Bio-optical model for Chesapeake Bay and the Middle Atlantic Bight

Retrievals of bio-optical properties from satellite measurements in Case 2 waters depend on algorithms that account for multiple constituents affecting spectral quality of the upwelling light flux. Semi-analytical (SA) models are suitable for this purpose, but must be parameterized with in situ data, particularly in estuarine and coastal waters. We examined spatial and temporal variability of biooptical properties in Chesapeake Bay and the adjacent Middle Atlantic Bight (CB/MAB) to parameterize and validate the Garver/ Siegel/Maritorena (GSM01) model. Several years (1996–2002) of data on inherent and apparent optical properties confirmed high scattering and strong absorption by dissolved and particulate components that did not co-vary.

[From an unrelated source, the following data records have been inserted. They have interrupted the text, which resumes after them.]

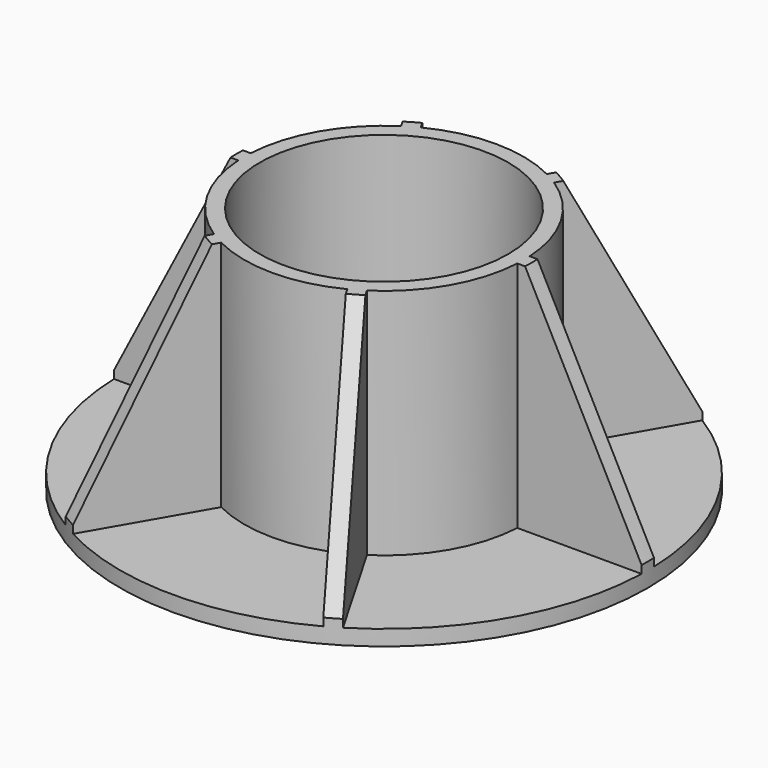
from build123d import *

# Parameters (mm, degrees)
F0_R            = 28.575
F0_R_2          = 25.4
F1_DEPTH        = 12.7
F2_R            = 53.975
F2_R_2          = 25.4
F3_DEPTH        = 50.8
F6_DEPTH        = 47.625
F6_COPIES_COUNT = 6


# Not quite as in the source:
# - a pattern or mirror of a feature is missing from the dataset's text; its kind, count and spacing are read off the source's solid


with BuildPart() as f1:
    # F0 (on Top) → F1 (new body)
    with BuildSketch(Plane.XY):
        Circle(F0_R)
        Circle(F0_R_2, mode=Mode.SUBTRACT)
    extrude(amount=F1_DEPTH)

    # F2 (on face) → F3 (join)
    with BuildSketch(Plane.XY.offset(12.7)):
        Circle(F2_R)
        Circle(F2_R_2, mode=Mode.SUBTRACT)
    extrude(amount=F3_DEPTH)

    # F5 (on face) → F6 (cut, through all)
    with BuildSketch(Plane.XY.offset(63.5)):
        with BuildLine():
            ThreePointArc((-15.6402496783, -23.9147070858), (-24.7466759131, -14.2875), (-28.5308686995, -1.5875))
            Line((-28.5308686995, -1.5875), (-53.9516493608, -1.5875))
            ThreePointArc((-53.9516493608, -1.5875), (-46.7437211693, -26.9875), (-28.3506400089, -45.9297489225))
            Line((-28.3506400089, -45.9297489225), (-15.6402496783, -23.9147070858))
        make_face()
    f6 = extrude(amount=-F6_DEPTH, mode=Mode.SUBTRACT)

    # F6_copies: F6 ×6 about axis
    f6_copies_axis = Axis((0, 0, 0), (0, 0, 1))
    for i in range(1, F6_COPIES_COUNT):
        add(f6.rotate(f6_copies_axis, i * 360 / F6_COPIES_COUNT), mode=Mode.SUBTRACT)

    # F7 (on Front) → F8 (revolve, cut)
    with BuildSketch(Plane.XZ):
        Polygon((-53.975, 17.4625), (-30.1625, 63.5), (-53.975, 63.5), align=None)
    revolve(axis=Axis((0, 0, 0), (0, 0, -1)), mode=Mode.SUBTRACT)


solid = f1.part
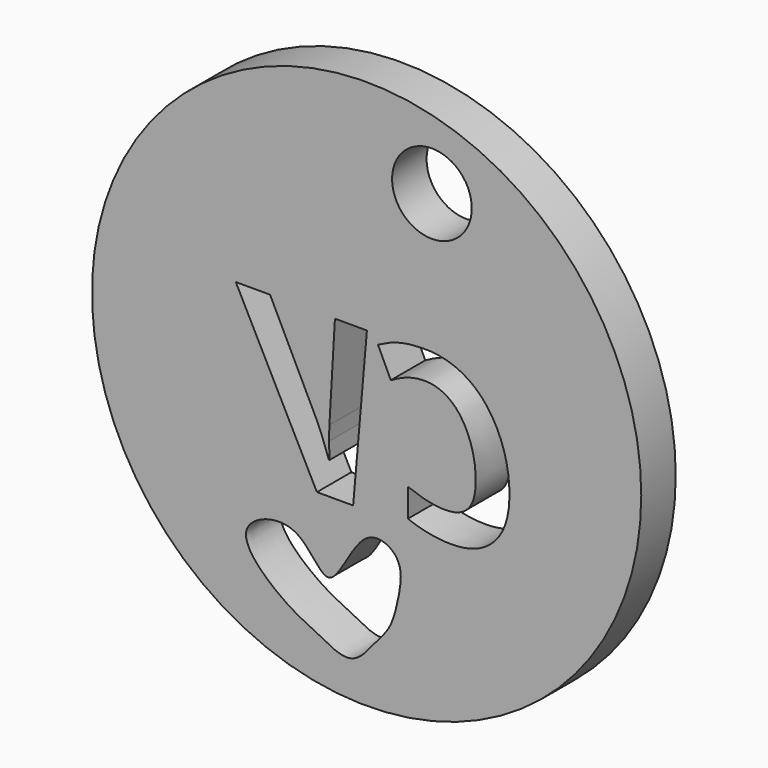
from build123d import *

# Parameters (mm, degrees)
F0_R         = 13.7
F1_DEPTH     = 2.15
F2_R         = 1.9876145449
F3_DEPTH     = 2.15
F4_TEXT_SIZE = 11.0794220948
F5_DEPTH     = 2.15
F7_DEPTH     = 2.15


# Not quite as in the source:
# - Text() gives the source's letters only with a copy of the font that has no kerning and outlines rounded to 1/6400 em; it was checked with that copy


with BuildPart() as f1:
    # F0 (on Front) → F1 (new body)
    with BuildSketch(Plane.XZ):
        with Locations((-47.333329916, 45.8073951304)):
            Circle(F0_R)
    extrude(amount=F1_DEPTH)

    # F2 (on face) → F3 (cut, through all)
    with BuildSketch(Plane(origin=(0, 0, 0), x_dir=(-1, 0, 0), z_dir=(0, 1, 0))):
        with Locations((44.0764203668, 55.6620359421)):
            Circle(F2_R)
    extrude(amount=-F3_DEPTH, mode=Mode.SUBTRACT)

    # F4 (on face) → F5 (cut, through all)
    with BuildSketch(Plane(origin=(0, 0, 0), x_dir=(-1, 0, 0), z_dir=(0, 1, 0))):
        with Locations((39.5440757275, 40.688958019)):
            Text('CV', F4_TEXT_SIZE, font='Open Sans', font_style=FontStyle.BOLDITALIC, text_align=(TextAlign.LEFT, TextAlign.BOTTOM))
    extrude(amount=-F5_DEPTH, mode=Mode.SUBTRACT)

    # F6 (on Front) → F7 (cut, through all)
    with BuildSketch(Plane.XZ):
        with BuildLine():
            add(Edge.make_bspline(
                [(-49.2053441703, 37.1306762099), (-49.6815772126, 37.0463449125), (-50.6104553822, 39.4748996785), (-54.5077016243, 38.0552230894), (-51.5521322056, 35.2811671933), (-49.7988742981, 34.5203352296), (-48.0000267923, 33.4923154402), (-46.8724473682, 35.1407191975), (-46.1189894995, 35.8476034649), (-45.7105873554, 37.4005640044), (-45.4434721257, 39.2353358), (-47.69566245, 40.2288840831), (-48.6646779268, 37.226417332), (-49.2053441703, 37.1306762099)],
                knots=[0, 0, 0, 0, 0.098833585, 0.2004322534, 0.3104973669, 0.408023764, 0.4915005916, 0.5749108083, 0.6418714122, 0.723062734, 0.8072612359, 0.8877944653, 1, 1, 1, 1], degree=3))
        make_face()
    extrude(amount=F7_DEPTH, mode=Mode.SUBTRACT)


solid = f1.part
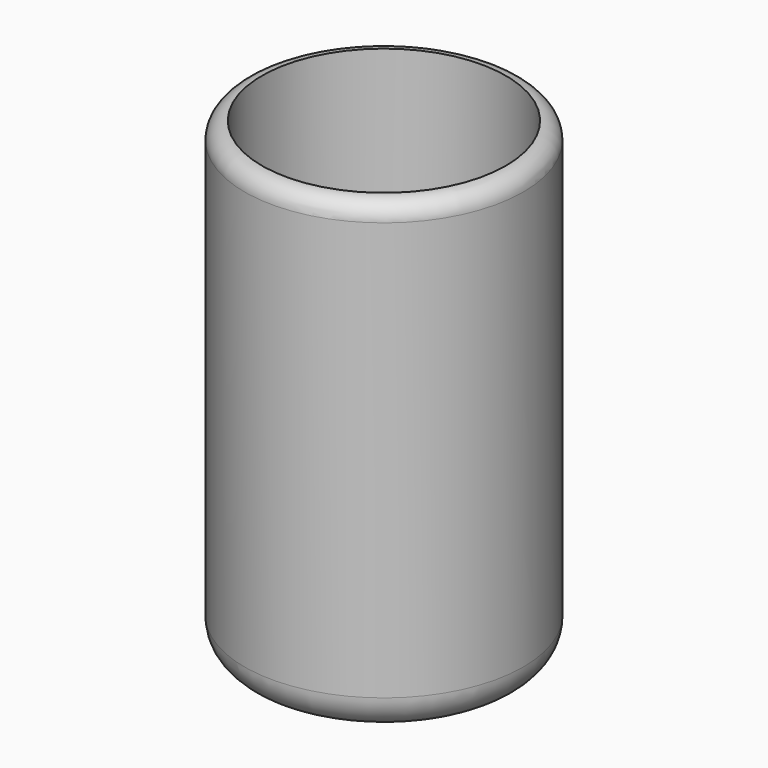
from build123d import *

# Parameters (mm, degrees)
F0_W   = 35
F0_H   = 10
F0_W_2 = 5
F0_H_2 = 125
F2_R   = 4.99999
F3_R   = 10


# Not quite as in the source:
# - a fillet or chamfer is up to 0.001 mm smaller than in the source, because OpenCascade refuses the exact size


with BuildPart() as f1:
    # F0 (on Front) → F1 (revolve)
    with BuildSketch(Plane.XZ):
        with Locations((17.5, 5)):
            Rectangle(F0_W, F0_H)
        with Locations((37.5, 5)):
            Rectangle(F0_W_2, F0_H)
        with Locations((37.5, 72.5)):
            Rectangle(F0_W_2, F0_H_2)
    revolve(axis=Axis((0, 0, 5), (0, 0, -1)))

    # F2 (radius 5 in the source; OpenCascade refuses exactly that, so slightly less here)
    f2_edges = [f1.edges().sort_by_distance(p)[0] for p in [
        (-40, 0, 135),
    ]]
    fillet(f2_edges, radius=F2_R)

    # F3
    f3_edges = [f1.edges().sort_by_distance(p)[0] for p in [
        (-40, 0, 0),
    ]]
    fillet(f3_edges, radius=F3_R)


solid = f1.part
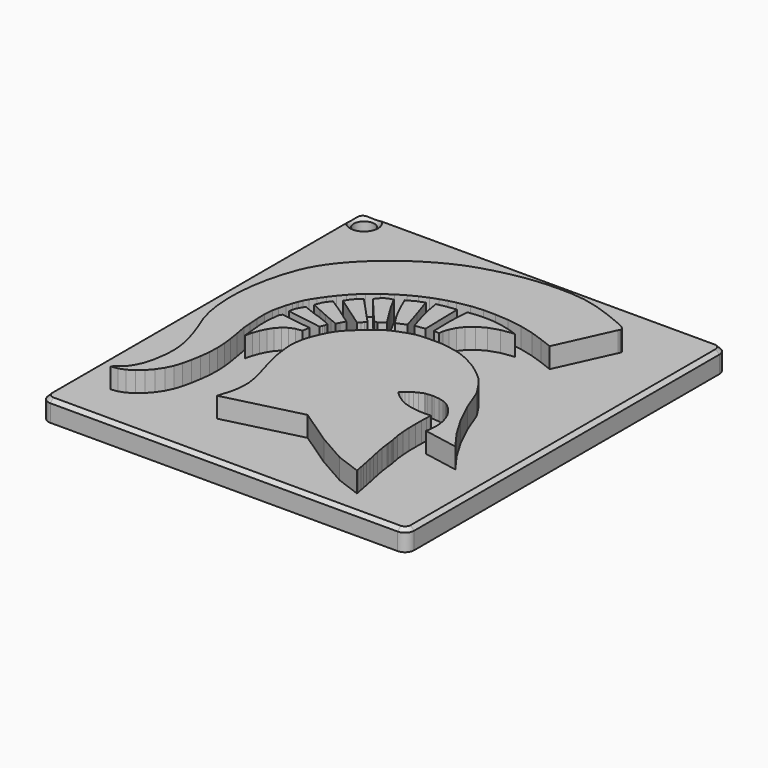
from build123d import *

# Parameters (mm, degrees)
F1_DEPTH     = 22.86
F2_W         = 203.2
F2_H         = 222.25
F2_R         = 5.715
F3_DEPTH     = 11.61275
F4_R         = 5.08
F5_T1_DEPTH  = 212.09
F5_T3_DEPTH  = 193.04
F5_T10_ANGLE = 90
F5_T12_ANGLE = 90
F5_T14_ANGLE = 90
F5_T16_ANGLE = 90


# Not quite as in the source:
# - a fillet or chamfer that OpenCascade refuses, or shapes differently, is made with other operations: its cross-section is extruded or revolved along the edge and cut away or added


with BuildPart() as f1:
    # F0 (on Top) → F1 (new body)
    with BuildSketch(Plane.XY):
        Polygon((-28.5374334, -76.846176), (-28.6309054, -77.130148), (13.3961886, -66.648838), (32.9714606, -79.89316), (49.1756446, -89.098628), (62.7590566, -94.076012), (62.6846346, -93.659706), (62.4725446, -92.483178), (62.1321846, -90.644726), (61.6787946, -88.24849), (61.1235506, -85.393022), (60.4773746, -82.180684), (59.7552526, -78.713584), (58.9681066, -75.093576), (58.1662286, -70.861428), (57.6066666, -66.742818), (57.5294506, -66.16954), (57.4758566, -65.83426), (57.4166746, -65.359026), (57.3242186, -64.361568), (57.1421006, -62.889638), (57.0415166, -62.196472), (56.8860686, -61.420756), (56.1268626, -57.560718), (55.6541686, -53.167534), (55.4100746, -48.56226), (55.3384466, -44.069762), (55.3811186, -40.012874), (55.4817026, -36.713922), (55.5850806, -34.497772), (55.6318166, -33.687512), (55.2985686, -33.722056), (54.3544506, -33.79216), (52.8840446, -33.846262), (50.9742186, -33.833816), (48.7044746, -33.701482), (46.1634586, -33.398206), (43.4334666, -32.874712), (40.5990806, -32.078168), (38.7895846, -31.333948), (37.0298726, -30.374844), (35.3803966, -29.295598), (33.8975446, -28.197556), (32.6407526, -27.172412), (31.6704726, -26.32075), (31.0451246, -25.73909), (30.8246526, -25.524206), (30.9389526, -25.358598), (31.3011566, -24.901144), (31.9435226, -24.207978), (32.8929746, -23.332948), (34.1802466, -22.331172), (35.8350566, -21.259038), (37.8868686, -20.171918), (40.3661626, -19.125946), (40.5137366, -19.106388), (40.9186126, -19.057112), (41.5165286, -18.988278), (42.2472866, -18.911062), (43.0491646, -18.833846), (43.8579006, -18.767298), (44.6145666, -18.72361), (45.2566786, -18.713704), (48.4814626, -19.051524), (51.0321306, -19.726656), (52.7105626, -20.386548), (53.3140666, -20.68576), (53.5868626, -20.857972), (54.3313366, -21.377656), (55.4281086, -22.244304), (56.7661806, -23.461218), (58.2269346, -25.02916), (59.6945466, -26.950416), (61.0544626, -29.225494), (62.1928906, -31.857696), (62.9932446, -34.675572), (63.4341886, -37.343588), (63.5942086, -39.789354), (63.5489966, -41.944798), (63.3765306, -43.740578), (63.1573286, -45.108622), (62.9686066, -45.981112), (62.8885966, -46.286928), (82.0409586, -49.814734), (74.8403126, -39.931594), (68.4324006, -29.101288), (62.7798846, -17.36344), (57.8492366, -4.759706), (57.6465446, -4.430522), (57.0872366, -3.536188), (56.2449726, -2.214626), (55.1908726, -0.606298), (53.9960566, 1.15316), (52.7367246, 2.924302), (51.4801866, 4.566666), (50.3031506, 5.943346), (49.0821726, 7.149084), (47.6171006, 8.444484), (46.0323946, 9.7536), (44.4535306, 10.997946), (43.0062386, 12.10183), (41.8172646, 12.986512), (41.0110686, 13.573506), (40.7146506, 13.78585), (40.4004526, 13.974572), (39.5378686, 14.48435), (38.2356106, 15.23111), (36.6107726, 16.131032), (34.7738446, 17.101312), (32.8393806, 18.057622), (30.9193946, 18.916396), (29.1294566, 19.594322), (27.6880066, 20.013168), (25.9600446, 20.42795), (24.0928906, 20.824952), (22.2338646, 21.185632), (20.5305406, 21.495766), (19.1302386, 21.73859), (18.1838346, 21.895562), (17.8353466, 21.95068), (17.4492666, 21.959062), (16.3702746, 21.9837), (14.7385786, 22.008338), (12.6992126, 22.018244), (10.3895906, 21.996146), (7.9519526, 21.925788), (5.5280306, 21.79066), (3.2610806, 21.574506), (1.4335506, 21.14296), (-0.5725414, 20.535646), (-2.6286714, 19.821652), (-4.6019974, 19.076162), (-6.3645034, 18.36928), (-7.7851254, 17.775174), (-8.7335614, 17.36598), (-9.0779854, 17.213072), (-9.6428814, 16.816324), (-11.1656114, 15.710916), (-13.3926834, 14.035278), (-16.0716214, 11.924284), (-18.9474094, 9.511284), (-21.7668094, 6.93293), (-24.2775994, 4.322826), (-26.2234934, 1.8161), (-27.9542494, -1.10109), (-29.5971214, -4.418076), (-31.0604154, -7.947406), (-32.2524374, -11.504168), (-32.7774554, -13.953998), (-33.1589634, -16.706088), (-33.3906114, -18.95094), (-33.4690974, -19.879818), (-33.4416654, -20.324826), (-33.3535274, -21.549868), (-33.1937614, -23.392384), (-32.9537314, -25.686766), (-32.6260714, -28.26639), (-32.2001134, -30.968696), (-31.6667134, -33.628584), (-31.0177434, -36.081462), (-30.7104034, -37.391594), (-30.2529494, -39.114222), (-29.6890694, -41.127426), (-29.0637214, -43.307762), (-28.4203394, -45.529246), (-27.8013414, -47.670466), (-27.2514314, -49.609248), (-26.8160754, -51.22037), (-26.1864094, -54.030372), (-25.7480054, -56.559196), (-25.4904494, -58.384694), (-25.4063754, -59.087512), (-25.4035814, -59.9821), (-25.4391414, -62.184026), (-25.5829054, -64.966596), (-25.8996434, -67.601084), (-26.1820914, -68.897754), (-26.5681714, -70.392798), (-27.0157194, -71.973694), (-27.4805394, -73.523856), (-27.9184354, -74.929746), (-28.2852114, -76.074778), align=None)
    extrude(amount=F1_DEPTH)


with BuildPart() as f1b:
    # F0 (on Top) → F1, piece 2 (new body)
    with BuildSketch(Plane.XY):
        Polygon((-55.0672254, -19.514566), (-54.5256974, -25.240234), (-53.4987754, -21.424646), (-52.2559534, -17.902174), (-50.7537974, -14.729968), (-48.9501434, -11.96975), (-46.8018114, -9.678162), (-44.2648594, -7.915656), (-41.2950914, -6.740144), (-37.8485654, -6.211062), (-37.1348254, -2.21869), (-53.8833314, 0.132334), (-54.8109394, -0.865378), (-55.6473614, -7.671562), (-55.5866554, -13.773404), align=None)
    extrude(amount=F1_DEPTH)


with BuildPart() as f1c:
    # F0 (on Top) → F1, piece 3 (new body)
    with BuildSketch(Plane.XY):
        Polygon((-53.6326334, 5.551932), (-53.8132274, 4.480052), (-34.4269314, 1.34493), (-33.8414614, 2.590546), (-33.4746854, 3.615944), (-33.2473554, 4.503166), (-33.0723494, 5.335778), (-35.2277934, 6.342888), (-37.6199654, 7.368032), (-40.4640034, 8.429244), (-43.9765694, 9.54024), (-50.6765814, 12.177522), (-52.3867634, 9.326372), (-53.0662134, 7.85876), (-53.4327354, 6.639306), align=None)
    extrude(amount=F1_DEPTH)


with BuildPart() as f1d:
    # F0 (on Top) → F1, piece 4 (new body)
    with BuildSketch(Plane.XY):
        Polygon((-40.1444714, 20.660868), (-44.7609214, 23.652734), (-47.4703394, 20.017232), (-49.0382814, 15.954756), (-44.0540394, 13.701776), (-39.1424414, 11.495532), (-34.5991434, 9.523476), (-30.7213254, 7.97306), (-30.4965354, 8.382254), (-30.2940974, 8.743696), (-30.0916594, 9.10209), (-29.8696634, 9.504172), (-29.6080434, 9.9949), (-29.2841934, 10.621772), (-28.8788094, 11.429238), (-28.3690314, 12.463018), (-32.2013834, 15.161006), (-36.0418634, 17.862296), align=None)
    extrude(amount=F1_DEPTH)


with BuildPart() as f1e:
    # F0 (on Top) → F1, piece 5 (new body)
    with BuildSketch(Plane.XY):
        Polygon((-40.5564594, 28.533852), (-41.6959034, 26.717244), (-24.0929414, 14.529816), (-22.8099874, 15.813024), (-21.7061034, 16.84655), (-21.0284314, 18.022062), (-35.5678994, 33.631124), (-37.6489214, 32.02559), (-39.2582654, 30.313884), align=None)
    extrude(amount=F1_DEPTH)


with BuildPart() as f1f:
    # F0 (on Top) → F1, piece 6 (new body)
    with BuildSketch(Plane.XY):
        Polygon((-22.1058994, 35.819334), (-25.0190254, 41.327324), (-27.6359874, 40.711374), (-29.6342054, 39.529004), (-31.2135774, 37.963602), (-32.5734934, 36.196778), (-19.2466214, 20.302728), (-18.5366914, 20.20316), (-18.0157374, 20.166076), (-17.5956214, 20.162012), (-17.1793154, 20.160488), (-13.9009374, 22.511512), (-16.6253414, 26.879804), (-19.3332354, 31.160212), align=None)
    extrude(amount=F1_DEPTH)


with BuildPart() as f1g:
    # F0 (on Top) → F1, piece 7 (new body)
    with BuildSketch(Plane.XY):
        Polygon((-9.0904314, 37.43706), (-12.4747274, 47.813722), (-16.6819834, 46.238668), (-21.0284314, 43.822874), (-18.7132214, 38.437566), (-16.2877754, 33.349946), (-13.7205974, 28.653232), (-10.9781594, 24.436578), (-5.7046114, 26.573988), align=None)
    extrude(amount=F1_DEPTH)


with BuildPart() as f1h:
    # F0 (on Top) → F1, piece 8 (new body)
    with BuildSketch(Plane.XY):
        Polygon((-5.3119274, 50.035206), (-8.1986374, 49.452022), (-7.1417434, 43.384724), (-5.8425334, 37.846254), (-4.3678094, 32.695134), (-2.7818334, 27.786584), (2.7774646, 28.570682), (2.2786086, 51.0921), (2.1752306, 51.094894), (1.8333466, 51.086512), (1.2008866, 51.04384), (0.2224786, 50.940462), (-1.1544554, 50.754534), (-2.9814774, 50.46091), align=None)
    extrude(amount=F1_DEPTH)


with BuildPart() as f1i:
    # F0 (on Top) → F1, piece 9 (new body)
    with BuildSketch(Plane.XY):
        Polygon((6.7680586, 34.653474), (6.9115686, 29.139896), (9.9044506, 28.99791), (10.2709726, 31.41091), (11.1805466, 34.291016), (12.7736346, 37.417756), (15.1962866, 40.570912), (18.5917586, 43.52798), (23.1048306, 46.070266), (28.8787586, 47.976282), (36.0611166, 49.024794), (33.2716886, 49.884838), (30.4494946, 50.724054), (27.4964906, 51.484784), (24.3148866, 52.105052), (20.8061306, 52.529232), (16.8719246, 52.69484), (12.4152406, 52.544472), (7.3387966, 52.018184), (6.8589906, 45.99051), (6.7101466, 40.235632), align=None)
    extrude(amount=F1_DEPTH)


with BuildPart() as f1j:
    # F0 (on Top) → F1, piece 10 (new body)
    with BuildSketch(Plane.XY):
        Polygon((-80.1116762, -82.471768), (-81.8232298, -84.466938), (-78.2404074, -84.005166), (-74.6808514, -82.658966), (-71.2439774, -80.545178), (-68.0275754, -77.780896), (-65.1324834, -74.48169), (-62.6562374, -70.765162), (-60.6994214, -66.747898), (-59.3598254, -62.547754), (-58.2836274, -57.613296), (-57.3821814, -52.464716), (-56.7761374, -47.191168), (-56.5830974, -41.882822), (-56.8449714, -36.6903), (-57.4690494, -31.55315), (-58.3717654, -26.07945), (-59.4741254, -19.879818), (-59.7979754, -15.06601), (-60.1934534, -9.724898), (-60.3341694, -4.328668), (-59.8970354, 0.65024), (-59.2165694, 3.894328), (-58.1746614, 7.818882), (-57.1660274, 11.035284), (-56.4025034, 13.211302), (-56.1010054, 14.009116), (-55.3247814, 15.939516), (-53.8932374, 18.549874), (-51.9211814, 21.650452), (-49.5234214, 25.049988), (-46.8155274, 28.562554), (-43.9092594, 31.99511), (-40.9229814, 35.160712), (-37.9699774, 37.867082), (-32.8531474, 41.883838), (-27.9156414, 45.29074), (-23.1559354, 48.14443), (-18.5752994, 50.506376), (-14.1767814, 52.430172), (-9.9611434, 53.977794), (-5.9278774, 55.202582), (-2.0774914, 56.166004), (4.8267366, 57.417462), (11.4340386, 57.97931), (18.1630066, 57.961784), (25.4324866, 57.469532), (33.7212686, 56.274716), (41.2190946, 54.399434), (48.2386386, 52.038504), (55.0902886, 49.381918), (68.9175406, 79.743046), (69.0734966, 79.970122), (69.3709306, 80.536796), (69.5487306, 81.276444), (69.3447686, 82.023712), (69.0127906, 82.38871), (68.5357786, 82.773266), (67.9724066, 83.157568), (67.3810946, 83.518756), (66.8187386, 83.835494), (66.3460446, 84.08924), (66.0194006, 84.257388), (65.8984966, 84.316824), (56.3402226, 88.194388), (47.7192086, 91.15044), (39.5406626, 93.101668), (31.3125866, 93.968316), (24.6704866, 94.076012), (18.5310526, 93.918532), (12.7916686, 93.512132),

These data, consisting of the chlorophyll (chl a)-normalized phytoplankton absorption coefficient, aph * (l), and the spectral slope of absorption due to dissolved and detrital materials, Scdm, were used to optimize model parameters of GSM01 and produce a version of the model tuned for CB/ MAB we have designated GSM01-CB. Performance of GSM01-CB was measured against the globally optimized version of GSM01 and the empirical algorithm, OC4v.4, using both in situ and satellite-derived radiances from the Sea-viewing Wide Field-of-view Sensor (SeaWiFS) as inputs to the model. GSM01-CB outperformed OC4v.4 in retrieving chl a in CB, and both SA models outperformed OC4v.4 in MAB. GSM01 and GSM01-CB also returned reasonable estimates of other bio-optical products, including the absorption coefficient for dissolved and detrital materials, acdm(443), and the particulate backscatter coefficient, bbp(443). We present alternatives to the parameterization of GSM01-CB to account for interannual variability of aph * (l) in CB using empirical relationships with key variables that regulate phytoplankton dynamics in the estuary (i.e., freshwater flow and nutrient loading), and to include regional gradients of Scdm in MAB.